Dün, bu ülkede çok acıklı bir olay yaşandı.

Bana göre bunun adı “sınav terörü”dür.

İsterdim ki MEB ve YÖK üyeleri, dün okul çıkışlarında beklesinler ve görsünler…

Bir milletin genç potansiyeli “sınav” adıyla nasıl bir bilimsel teröre kurban ediliyor (Bu arada YÖK ve MEB yetkilileri bu yüzden mi nedir bilinmez, bana sınav görevi vermiyorlar)

2,5 saatlik sınav cenderesinden harap olmuş gençlere baktıkça içim kıyıldı.

İstisnasız kapıdan çıkan her gencin boynu büküktü.

Onları merakla bekleyen ebeveynlerin kucak açması bile çoğunun yüzünü güldüremedi.

Bu zulümden kim ne kazanıyor, anlamıyorum.

Sanki bilgisayarın falanca okula yerleştirdiği bir genç nefer, istediği okulu kazanmış mı oluyor?

İşte karşınızda duran, yazısını okuduğunuz kişi böyle bir kurban…

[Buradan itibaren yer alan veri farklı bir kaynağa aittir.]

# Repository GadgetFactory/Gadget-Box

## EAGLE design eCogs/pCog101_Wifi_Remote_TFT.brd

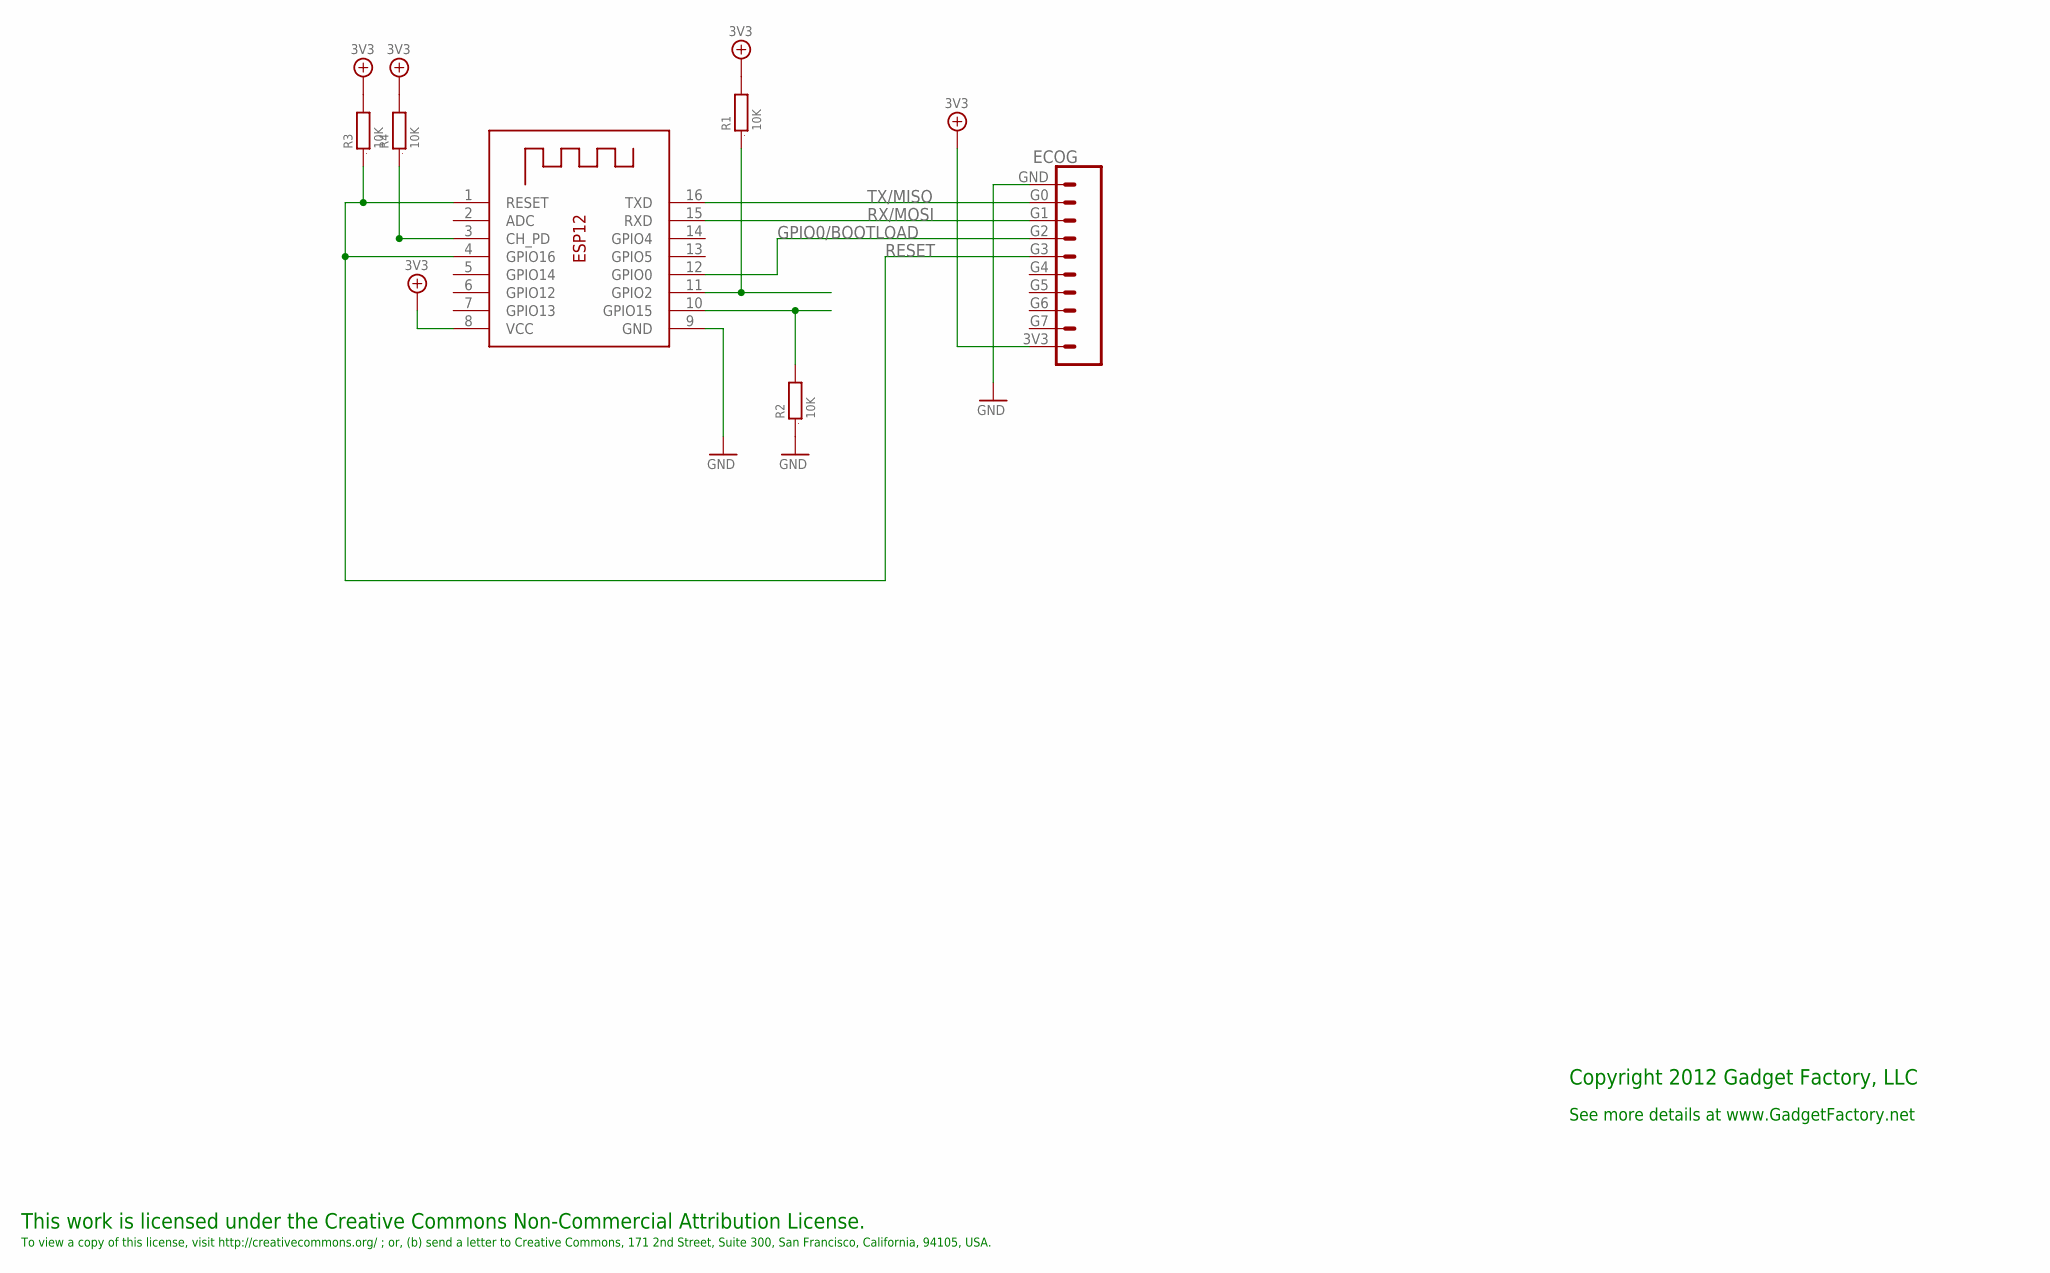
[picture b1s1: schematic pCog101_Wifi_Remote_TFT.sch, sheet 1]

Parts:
ECOG: ECOG_GENERAL_ROWTHROUGHOLE; ECOG_GENERAL_TH
R1, R2, R3, R4: 10K; 0805; DIGIKEY RMCF0805JT10K0CT-ND
X1: ESP-12

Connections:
3V3: ECOG.3V3, R1.2, R3.2, R4.2, X1.8 (VCC); also elsewhere on the board
GND: ECOG.GND, R2.1, X1.9 (GND); also elsewhere on the board
GPIO0/BOOTLOAD: ECOG.G2, X1.12 (GPIO0)
unnamed: R1.1, X1.11 (GPIO2)
unnamed: R2.2, X1.10 (GPIO15)
unnamed: R4.1, X1.3 (CH_PD)
RESET: ECOG.G3, R3.1, X1.1 (RESET), X1.4 (GPIO16)
RX/MOSI: ECOG.G1, X1.15 (RXD)
TX/MISO: ECOG.G0, X1.16 (TXD)

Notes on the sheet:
This work is licensed under the Creative Commons Non-Commercial Attribution License.
To view a copy of this license, visit http://creativecommons.org/ ; or, (b) send a letter to Creative Commons, 171 2nd Street, Suite 300, San Francisco, California, 94105, USA.
Copyright 2012 Gadget Factory, LLC
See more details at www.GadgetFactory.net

Sayın yetkili ve devletlü büyüklerim…

Himmet edin bu ülkenin gençlerine…

Açın kapıları, isteyen istediği yere kaydını yaptırsın.

Bu şansı sınavla gasp etmenin anlamı ne?

Okuyan/okuyabilen okusun, mezun olsun.

Okuyamayan da ben istedim ama o bölümün bana göre olmadığını anladım, okuyamadım/mezun olamadım, desin.

Giriş sınavlarıyla okulların önüne setler çekmektense daha adaletli olduğuna inandığım bu sisteme geçilmesinin kime ne zararı var.

Yoksa dershaneler konusundaki niyetimiz gerçek değil mi?

Eğitim üzerindeki sınav stresi ve terörü sadece ve sadece dershanelere ve değişime kapalı bürokratik zihniyete hizmet ediyor, bilesiniz.